- Work instruction
Only the stretch of the listing below that runs from the line with "blk = doc.blocks.new('Janela" through the line with "h.set_pattern_fill('FP_15', color=8, style=0, pattern_type=2)" is to be printed, exactly and with both ends.

━━━ Dataset records ━━━

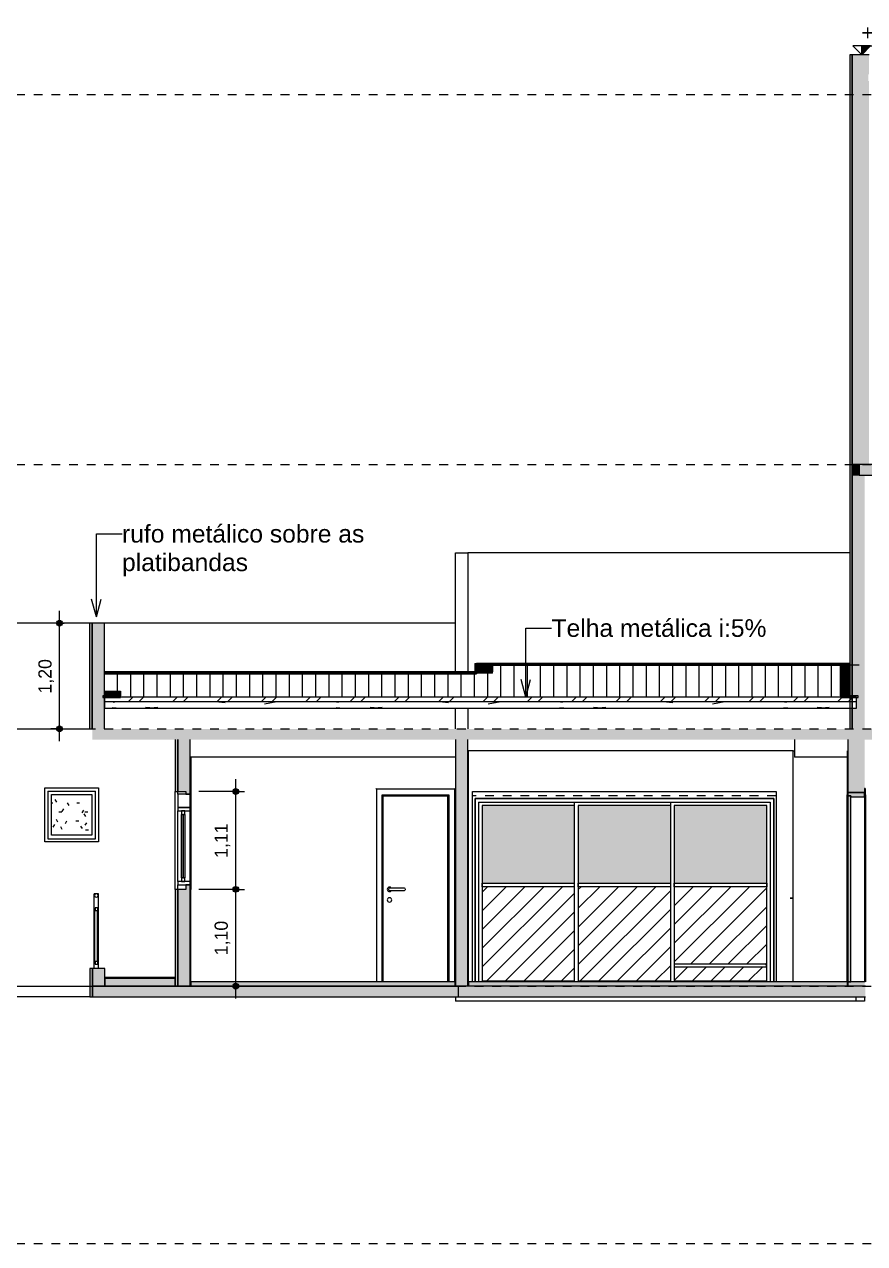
# Model space of a CAD drawing. Header units: metres. Extents: x -96 to 123, y 1 to 648.
# Drawn here: x 59.06 to 68.59, y 634.34 to 648.17 of the extents above; entities that cross this region are included whole.
import ezdxf

# ---------------------------------------------------------------- set-up
doc = ezdxf.new("R2010")
doc.units = ezdxf.units.M
doc.linetypes.add('_Tracejado longo', pattern=[0.014288, 0.009525, -0.004763])
doc.linetypes.add('_Tracejado médio', pattern=[0.004, 0.003, -0.001])
for name, color, linetype, lineweight in [('A-ANNO-DIMS', 7, 'Continuous', 5), ('A-ANNO-DIMS-100', 7, 'Continuous', 5), ('A-ANNO-TEXT', 7, 'Continuous', 5), ('A-DETL', 7, 'Continuous', 5), ('A-DETL-GENF', 7, 'Continuous', 5), ('A-DOOR', 7, 'Continuous', 5), ('A-DOOR-FRAM', 7, 'Continuous', 5), ('A-FLOR-HRAL', 7, 'Continuous', 5), ('A-FLOR-LEVL', 7, 'Continuous', 5), ('A-FLOR-OTLN', 7, 'Continuous', 5), ('A-FLOR-PATT', 7, 'Continuous', 20), ('A-GLAZ', 7, 'Continuous', 5), ('A-GLAZ-FRAM', 7, 'Continuous', 5), ('A-GLAZ-GLAS', 7, 'Continuous', 5), ('A-ROOF', 7, 'Continuous', 5), ('A-ROOF-OTLN', 7, 'Continuous', 5), ('A-ROOF-PATT', 7, 'Continuous', 20), ('A-WALL', 7, 'Continuous', 5), ('A-WALL-PATT', 7, 'Continuous', 20), ('I-WALL', 7, 'Continuous', 5)]:
    doc.layers.add(name, color=color, linetype=linetype, lineweight=lineweight)
doc.styles.add('Arial_1', font='arial.ttf', dxfattribs={"height": 0.2})
doc.styles.add('Arial_2', font='arial.ttf', dxfattribs={"height": 0.18})
doc.styles.add('Century Gothic', font='GOTHIC.TTF', dxfattribs={"height": 0.15})
doc.dimstyles.new('PAA_-_Cota_com_linha_-_metros', dxfattribs={"dimscale": 0.3048, "dimtxt": 0.156625, "dimasz": 0.853018, "dimexe": 0.328084, "dimexo": 0.328084, "dimgap": 0.131234, "dimtad": 1, "dimrnd": 0.01, "dimzin": 0, "dimdsep": 46, "dimtxsty": 'Century Gothic', "dimblk1": 'DOTSMALL', "dimblk2": 'DOTSMALL', "dimsah": 1, "dimcen": 0.09, "dimdle": 0.459318, "dimazin": 0, "dimtfac": 1, "dimtdec": 4, "dimtix": 1, "dimtmove": 0, "dimatfit": 3, "dimfxl": 1, "dimtvp": 1, "dimtolj": 1, "dimtzin": 0, "dimarcsym": 2})
pattern_1 = [(45, (-24.57, 320.824), (-0.10606602, 0.10606602), [])]

# ---------------------------------------------------------------- blocks, each defined once
blk = doc.blocks.new('Janela maxim-ar 1 painel - 61 x 61-V236-Section 3')
at = {"layer": 'A-GLAZ-FRAM', "true_color": 0x808080}
h = blk.add_hatch(dxfattribs=at)
h.set_pattern_fill('FP_15', color=8, style=0, pattern_type=2)
h.set_pattern_definition([(0, (-24.57, 320.824), (0.4064, 0.1016), [0.03353, -0.27127, 0.03353, -0.27127, -1.626]), (0, (-24.57, 320.824), (0.4064, 0.1016), [-0.6096, 0.03353, -0.57607, 0.03353, -0.27127, -0.7112]), (0, (-24.57, 320.824), (0.4064, 0.1016), [-1.524, 0.03353, -0.16967, 0.03353, -0.47447]), (120, (-24.417, 320.875), (-0.29118818, 0.301152724), [0.03353, -0.27127, 0.03353, -0.27127, -1.626]), (120, (-24.417, 320.875), (-0.29118818, 0.301152724), [-0.6096, 0.03353, -0.57607, 0.03353, -0.27127, -0.7112]), (120, (-24.417, 320.875), (-0.29118818, 0.301152724), [-1.524, 0.03353, -0.16967, 0.03353, -0.47447]), (240, (-24.367, 321.078), (-0.11521182, -0.402752724), [0.03353, -0.27127, 0.03353, -0.27127, -1.626]), (240, (-24.367, 321.078), (-0.11521182, -0.402752724), [-0.6096, 0.03353, -0.57607, 0.03353, -0.27127, -0.7112]), (240, (-24.367, 321.078), (-0.11521182, -0.402752724), [-1.524, 0.03353, -0.16967, 0.03353, -0.47447])])
h.paths.add_polyline_path([(-39.932, 638.975), (-39.839, 638.975), (-39.839, 639.435), (-40.299, 639.435), (-40.299, 638.975)])
at = {"layer": 'A-GLAZ-FRAM'}
for p, q in [((-40.339, 639.475), (-39.799, 639.475)), ((-40.339, 639.475), (-40.339, 638.935)), ((-39.799, 638.935), (-39.799, 639.475)), ((-40.299, 638.975), (-40.299, 639.435)), ((-40.299, 639.435), (-39.839, 639.435)), ((-39.839, 639.435), (-39.839, 638.975)), ((-40.339, 638.935), (-39.799, 638.935)), ((-39.839, 638.975), (-40.299, 638.975))]:
    blk.add_line(p, q, dxfattribs=at)
blk = doc.blocks.new('Porta de correr multifolhas - abertura lateral-VP - 345 x 221-V237-Section 3')
at = {"layer": 'A-DOOR', "true_color": 0xe6e6e6}
for points in [[(-34.364, 638.43), (-34.364, 639.31), (-35.414, 639.31), (-35.414, 638.43), (-35.104, 638.43)], [(-33.274, 638.43), (-33.274, 639.31), (-34.324, 639.31), (-34.324, 638.43), (-33.348, 638.43)], [(-33.234, 638.43), (-32.184, 638.43), (-32.184, 639.31), (-33.234, 639.31), (-33.234, 638.971)]]:
    blk.add_hatch(color=254, dxfattribs=at).paths.add_polyline_path(points)
at = {"layer": 'A-DOOR', "true_color": 0x808080}
h = blk.add_hatch(dxfattribs=at)
h.set_pattern_fill('FP_14', color=8, style=0, pattern_type=2)
h.set_pattern_definition(pattern_1)
h.paths.add_polyline_path([(-35.104, 637.32), (-34.364, 637.32), (-34.364, 638.39), (-35.414, 638.39), (-35.414, 637.32)])
h = blk.add_hatch(dxfattribs=at)
h.set_pattern_fill('FP_14', color=8, style=0, pattern_type=2)
h.set_pattern_definition(pattern_1)
h.paths.add_polyline_path([(-34.324, 637.32), (-33.274, 637.32), (-33.274, 638.39), (-34.324, 638.39), (-34.324, 637.978)])
h = blk.add_hatch(dxfattribs=at)
h.set_pattern_fill('FP_14', color=8, style=0, pattern_type=2)
h.set_pattern_definition(pattern_1)
h.paths.add_polyline_path([(-32.184, 637.32), (-32.184, 638.39), (-33.234, 638.39), (-33.234, 637.51), (-32.186, 637.51), (-32.186, 637.48), (-33.234, 637.48), (-33.234, 637.32), (-32.251, 637.32)])
at = {"layer": 'A-DOOR', "linetype": '_Tracejado médio'}
blk.add_line((-32.079, 639.42), (-35.524, 639.42), dxfattribs=at)
at = {"layer": 'A-DOOR'}
for p, q in [((-35.414, 639.31), (-35.414, 637.32)), ((-34.364, 639.31), (-35.414, 639.31)), ((-34.364, 637.31), (-34.364, 639.35)), ((-34.324, 639.31), (-34.324, 637.32)), ((-33.274, 639.31), (-34.324, 639.31)), ((-33.274, 637.31), (-33.274, 639.35)), ((-33.234, 639.31), (-33.234, 637.32)), ((-32.184, 639.31), (-33.234, 639.31)), ((-32.184, 637.32), (-32.184, 639.31)), ((-35.414, 638.43), (-34.364, 638.43)), ((-35.414, 638.39), (-35.414, 638.43)), ((-34.364, 638.39), (-35.414, 638.39)), ((-34.324, 638.43), (-33.274, 638.43)), ((-34.324, 638.39), (-34.324, 638.43)), ((-33.274, 638.39), (-34.324, 638.39)), ((-33.234, 638.43), (-32.184, 638.43)), ((-33.234, 638.39), (-33.234, 638.43)), ((-32.184, 638.39), (-33.234, 638.39)), ((-32.184, 638.43), (-32.184, 638.39)), ((-35.414, 637.32), (-34.364, 637.32)), ((-34.324, 637.32), (-33.274, 637.32)), ((-33.234, 637.32), (-32.184, 637.32))]:
    blk.add_line(p, q, dxfattribs=at)
at = {"layer": 'A-DOOR-FRAM'}
for p, q in [((-35.494, 639.39), (-35.494, 637.31)), ((-32.104, 639.39), (-35.494, 639.39)), ((-35.454, 639.35), (-35.454, 637.31)), ((-35.454, 639.35), (-32.144, 639.35)), ((-32.144, 639.35), (-32.144, 637.31)), ((-32.104, 637.31), (-32.104, 639.39)), ((-32.186, 637.51), (-33.234, 637.51)), ((-32.186, 637.48), (-32.186, 637.51)), ((-33.234, 637.48), (-32.186, 637.48))]:
    blk.add_line(p, q, dxfattribs=at)
blk = doc.blocks.new('xok - janela de correr multipla com persiana - 121 x 111-2997955-Section 3')
at = {"layer": 'A-GLAZ', "true_color": 0xe6e6e6}
blk.add_hatch(color=254, dxfattribs=at).paths.add_polyline_path([(-38.808, 603.45), (-38.8, 603.45), (-38.8, 604.17), (-38.808, 604.17), (-38.808, 603.691)])
at = {"layer": 'A-GLAZ'}
for p, q in [((-38.864, 604.43), (-38.774, 604.43)), ((-38.864, 604.4), (-38.864, 604.43)), ((-38.774, 604.4), (-38.864, 604.4)), ((-38.774, 604.43), (-38.774, 604.4)), ((-38.864, 603.32), (-38.864, 603.37)), ((-38.864, 603.37), (-38.774, 603.37)), ((-38.774, 603.37), (-38.774, 603.32)), ((-38.774, 603.32), (-38.864, 603.32))]:
    blk.add_line(p, q, dxfattribs=at)
at = {"layer": 'A-GLAZ-FRAM'}
for p, q in [((-38.864, 604.4), (-38.864, 604.25)), ((-38.724, 604.4), (-38.774, 604.4)), ((-38.724, 604.25), (-38.724, 604.4)), ((-38.864, 604.25), (-38.864, 604.21)), ((-38.724, 604.25), (-38.864, 604.25)), ((-38.864, 604.25), (-38.724, 604.25)), ((-38.864, 604.21), (-38.724, 604.21)), ((-38.864, 603.41), (-38.864, 604.21)), ((-38.824, 604.21), (-38.824, 604.17)), ((-38.784, 604.21), (-38.824, 604.21)), ((-38.824, 604.17), (-38.784, 604.17)), ((-38.824, 603.45), (-38.824, 604.17)), ((-38.784, 604.17), (-38.784, 604.21)), ((-38.784, 604.17), (-38.784, 603.45)), ((-38.724, 604.21), (-38.724, 604.25)), ((-38.724, 603.41), (-38.724, 604.21)), ((-38.864, 603.41), (-38.864, 603.37)), ((-38.724, 603.41), (-38.864, 603.41)), ((-38.824, 603.45), (-38.824, 603.41)), ((-38.784, 603.45), (-38.824, 603.45)), ((-38.824, 603.41), (-38.784, 603.41)), ((-38.784, 603.41), (-38.784, 603.45)), ((-38.774, 603.37), (-38.724, 603.37)), ((-38.724, 603.37), (-38.724, 603.41))]:
    blk.add_line(p, q, dxfattribs=at)
at = {"layer": 'A-GLAZ-GLAS'}
for p, q in [((-38.808, 604.17), (-38.808, 603.45)), ((-38.8, 604.17), (-38.808, 604.17)), ((-38.8, 603.45), (-38.8, 604.17)), ((-38.808, 603.45), (-38.8, 603.45))]:
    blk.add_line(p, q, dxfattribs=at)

━━━

- Output for this exercise
blk = doc.blocks.new('Janela maxim-ar 1 painel - 61 x 61-V236-Section 3')
at = {"layer": 'A-GLAZ-FRAM', "true_color": 0x808080}
h = blk.add_hatch(dxfattribs=at)
h.set_pattern_fill('FP_15', color=8, style=0, pattern_type=2)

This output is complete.